• **WHAT TO PRODUCE**: In the data below, find each line that contains the word "mechanical" and copy it.

Items from a dataset:

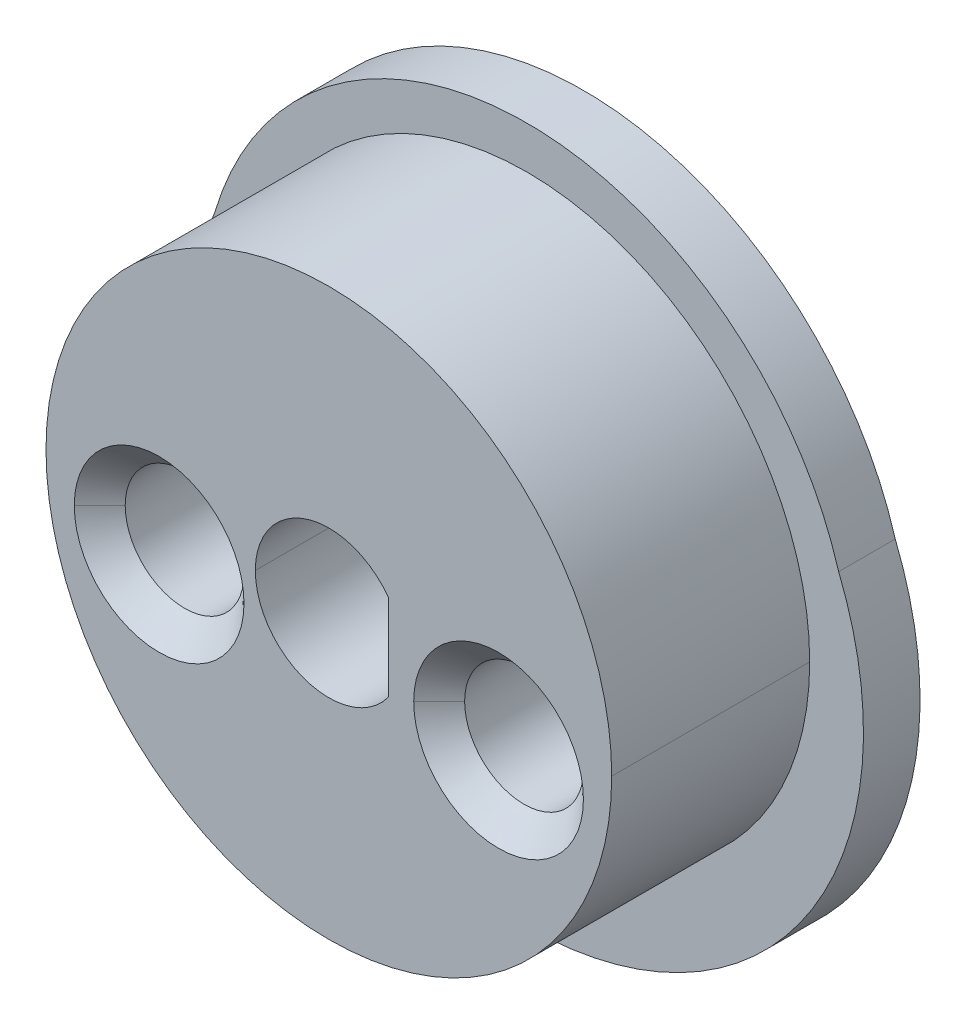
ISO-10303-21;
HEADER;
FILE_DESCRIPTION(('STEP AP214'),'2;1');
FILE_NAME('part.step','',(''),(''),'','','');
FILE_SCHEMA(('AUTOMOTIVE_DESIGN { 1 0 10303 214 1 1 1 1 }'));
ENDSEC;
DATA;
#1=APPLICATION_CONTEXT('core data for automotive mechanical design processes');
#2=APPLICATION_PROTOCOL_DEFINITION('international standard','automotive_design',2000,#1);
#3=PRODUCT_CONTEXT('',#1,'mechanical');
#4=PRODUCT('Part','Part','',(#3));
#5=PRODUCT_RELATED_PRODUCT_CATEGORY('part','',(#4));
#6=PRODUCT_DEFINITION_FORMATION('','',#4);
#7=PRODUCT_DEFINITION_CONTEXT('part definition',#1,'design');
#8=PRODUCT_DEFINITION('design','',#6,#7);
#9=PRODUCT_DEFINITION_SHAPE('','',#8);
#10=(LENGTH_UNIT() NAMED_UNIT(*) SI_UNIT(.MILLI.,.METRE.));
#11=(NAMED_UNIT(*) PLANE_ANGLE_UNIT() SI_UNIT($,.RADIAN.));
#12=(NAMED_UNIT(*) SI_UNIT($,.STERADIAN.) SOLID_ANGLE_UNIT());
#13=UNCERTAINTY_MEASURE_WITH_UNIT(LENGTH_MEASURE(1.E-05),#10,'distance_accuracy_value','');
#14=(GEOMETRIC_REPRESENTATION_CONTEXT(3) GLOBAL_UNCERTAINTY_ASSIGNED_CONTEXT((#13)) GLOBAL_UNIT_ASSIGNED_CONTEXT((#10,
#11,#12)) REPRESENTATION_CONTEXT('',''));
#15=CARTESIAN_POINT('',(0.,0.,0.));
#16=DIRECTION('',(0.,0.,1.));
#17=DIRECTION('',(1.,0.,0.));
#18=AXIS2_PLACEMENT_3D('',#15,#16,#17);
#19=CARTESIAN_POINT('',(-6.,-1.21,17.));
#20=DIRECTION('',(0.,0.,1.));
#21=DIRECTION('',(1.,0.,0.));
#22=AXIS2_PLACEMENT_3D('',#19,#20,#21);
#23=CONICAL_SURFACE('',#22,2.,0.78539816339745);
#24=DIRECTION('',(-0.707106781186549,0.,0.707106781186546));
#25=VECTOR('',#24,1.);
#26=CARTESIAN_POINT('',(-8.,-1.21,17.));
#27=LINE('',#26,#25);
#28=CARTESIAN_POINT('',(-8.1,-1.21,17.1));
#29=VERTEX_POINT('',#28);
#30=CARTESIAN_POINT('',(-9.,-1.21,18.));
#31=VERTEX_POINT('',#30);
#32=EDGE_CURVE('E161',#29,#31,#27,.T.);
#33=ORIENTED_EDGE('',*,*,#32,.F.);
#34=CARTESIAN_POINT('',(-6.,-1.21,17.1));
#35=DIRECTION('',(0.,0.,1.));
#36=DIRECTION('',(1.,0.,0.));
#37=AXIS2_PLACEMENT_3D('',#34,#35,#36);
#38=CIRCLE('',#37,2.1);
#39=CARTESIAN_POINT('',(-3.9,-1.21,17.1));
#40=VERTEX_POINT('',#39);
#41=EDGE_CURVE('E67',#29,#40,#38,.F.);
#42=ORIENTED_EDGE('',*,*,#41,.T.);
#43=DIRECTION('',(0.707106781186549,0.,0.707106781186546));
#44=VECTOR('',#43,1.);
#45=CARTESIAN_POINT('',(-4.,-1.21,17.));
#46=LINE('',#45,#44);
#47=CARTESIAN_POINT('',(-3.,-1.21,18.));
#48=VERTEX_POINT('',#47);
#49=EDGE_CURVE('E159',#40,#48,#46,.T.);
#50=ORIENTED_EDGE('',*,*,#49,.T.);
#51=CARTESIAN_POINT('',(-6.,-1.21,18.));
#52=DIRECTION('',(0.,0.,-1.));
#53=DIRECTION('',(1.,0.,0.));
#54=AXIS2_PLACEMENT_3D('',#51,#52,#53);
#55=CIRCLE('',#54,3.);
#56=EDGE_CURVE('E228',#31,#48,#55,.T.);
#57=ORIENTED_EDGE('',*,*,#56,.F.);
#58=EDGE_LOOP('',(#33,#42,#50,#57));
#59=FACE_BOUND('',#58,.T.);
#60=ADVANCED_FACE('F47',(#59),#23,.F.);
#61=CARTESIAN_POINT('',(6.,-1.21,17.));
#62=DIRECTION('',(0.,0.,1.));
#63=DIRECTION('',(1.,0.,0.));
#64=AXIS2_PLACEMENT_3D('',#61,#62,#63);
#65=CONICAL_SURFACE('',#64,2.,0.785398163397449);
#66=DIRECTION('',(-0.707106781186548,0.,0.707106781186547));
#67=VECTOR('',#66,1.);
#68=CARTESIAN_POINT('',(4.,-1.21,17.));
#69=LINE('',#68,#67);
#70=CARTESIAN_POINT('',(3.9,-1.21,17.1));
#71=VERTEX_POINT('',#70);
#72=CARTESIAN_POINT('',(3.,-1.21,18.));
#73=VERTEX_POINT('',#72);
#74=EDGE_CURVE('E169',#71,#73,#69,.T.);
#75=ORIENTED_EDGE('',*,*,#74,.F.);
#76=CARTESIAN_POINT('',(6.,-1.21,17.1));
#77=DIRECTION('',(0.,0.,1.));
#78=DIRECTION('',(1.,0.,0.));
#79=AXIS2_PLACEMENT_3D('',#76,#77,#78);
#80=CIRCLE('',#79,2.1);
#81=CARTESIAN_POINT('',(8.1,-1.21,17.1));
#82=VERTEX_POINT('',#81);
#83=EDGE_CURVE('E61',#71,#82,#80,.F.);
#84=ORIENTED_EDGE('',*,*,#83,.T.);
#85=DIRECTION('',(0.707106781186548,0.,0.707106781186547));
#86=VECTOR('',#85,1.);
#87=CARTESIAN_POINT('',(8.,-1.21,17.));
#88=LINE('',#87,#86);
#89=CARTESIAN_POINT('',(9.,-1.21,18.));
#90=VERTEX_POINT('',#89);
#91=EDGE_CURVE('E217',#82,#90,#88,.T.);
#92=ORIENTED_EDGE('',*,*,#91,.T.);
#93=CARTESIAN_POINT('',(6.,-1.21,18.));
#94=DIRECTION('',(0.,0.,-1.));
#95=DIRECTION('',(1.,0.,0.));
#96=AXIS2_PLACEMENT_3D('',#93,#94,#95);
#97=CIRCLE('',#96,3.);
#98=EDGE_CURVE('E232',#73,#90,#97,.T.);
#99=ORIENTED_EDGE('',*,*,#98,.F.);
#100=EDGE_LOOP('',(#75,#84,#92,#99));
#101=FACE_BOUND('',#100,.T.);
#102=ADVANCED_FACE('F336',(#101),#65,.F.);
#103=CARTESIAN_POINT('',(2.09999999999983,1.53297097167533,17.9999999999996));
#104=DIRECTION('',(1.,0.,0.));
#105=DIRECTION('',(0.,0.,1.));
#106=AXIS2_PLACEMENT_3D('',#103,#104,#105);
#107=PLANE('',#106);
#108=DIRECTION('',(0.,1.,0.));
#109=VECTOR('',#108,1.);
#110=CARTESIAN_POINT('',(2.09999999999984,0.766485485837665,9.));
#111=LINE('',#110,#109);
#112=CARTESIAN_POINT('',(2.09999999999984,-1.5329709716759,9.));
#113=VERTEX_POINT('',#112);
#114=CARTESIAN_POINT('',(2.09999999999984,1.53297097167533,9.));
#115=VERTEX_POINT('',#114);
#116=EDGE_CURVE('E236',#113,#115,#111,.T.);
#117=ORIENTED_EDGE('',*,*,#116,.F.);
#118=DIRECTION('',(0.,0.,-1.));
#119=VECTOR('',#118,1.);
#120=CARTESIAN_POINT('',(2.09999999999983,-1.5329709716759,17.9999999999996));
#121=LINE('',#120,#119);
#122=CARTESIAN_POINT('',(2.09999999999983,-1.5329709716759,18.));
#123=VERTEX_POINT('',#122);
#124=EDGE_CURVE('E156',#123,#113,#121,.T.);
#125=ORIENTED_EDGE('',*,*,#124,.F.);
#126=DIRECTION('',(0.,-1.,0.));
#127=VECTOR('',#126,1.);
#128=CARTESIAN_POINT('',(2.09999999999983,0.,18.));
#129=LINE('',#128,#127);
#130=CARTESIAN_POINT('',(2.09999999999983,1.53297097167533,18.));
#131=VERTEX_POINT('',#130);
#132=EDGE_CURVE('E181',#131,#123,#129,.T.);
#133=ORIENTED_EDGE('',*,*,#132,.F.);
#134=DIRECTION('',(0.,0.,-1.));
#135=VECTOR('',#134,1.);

• **OUTPUT FOR THIS EXERCISE**:
#1=APPLICATION_CONTEXT('core data for automotive mechanical design processes');
#3=PRODUCT_CONTEXT('',#1,'mechanical');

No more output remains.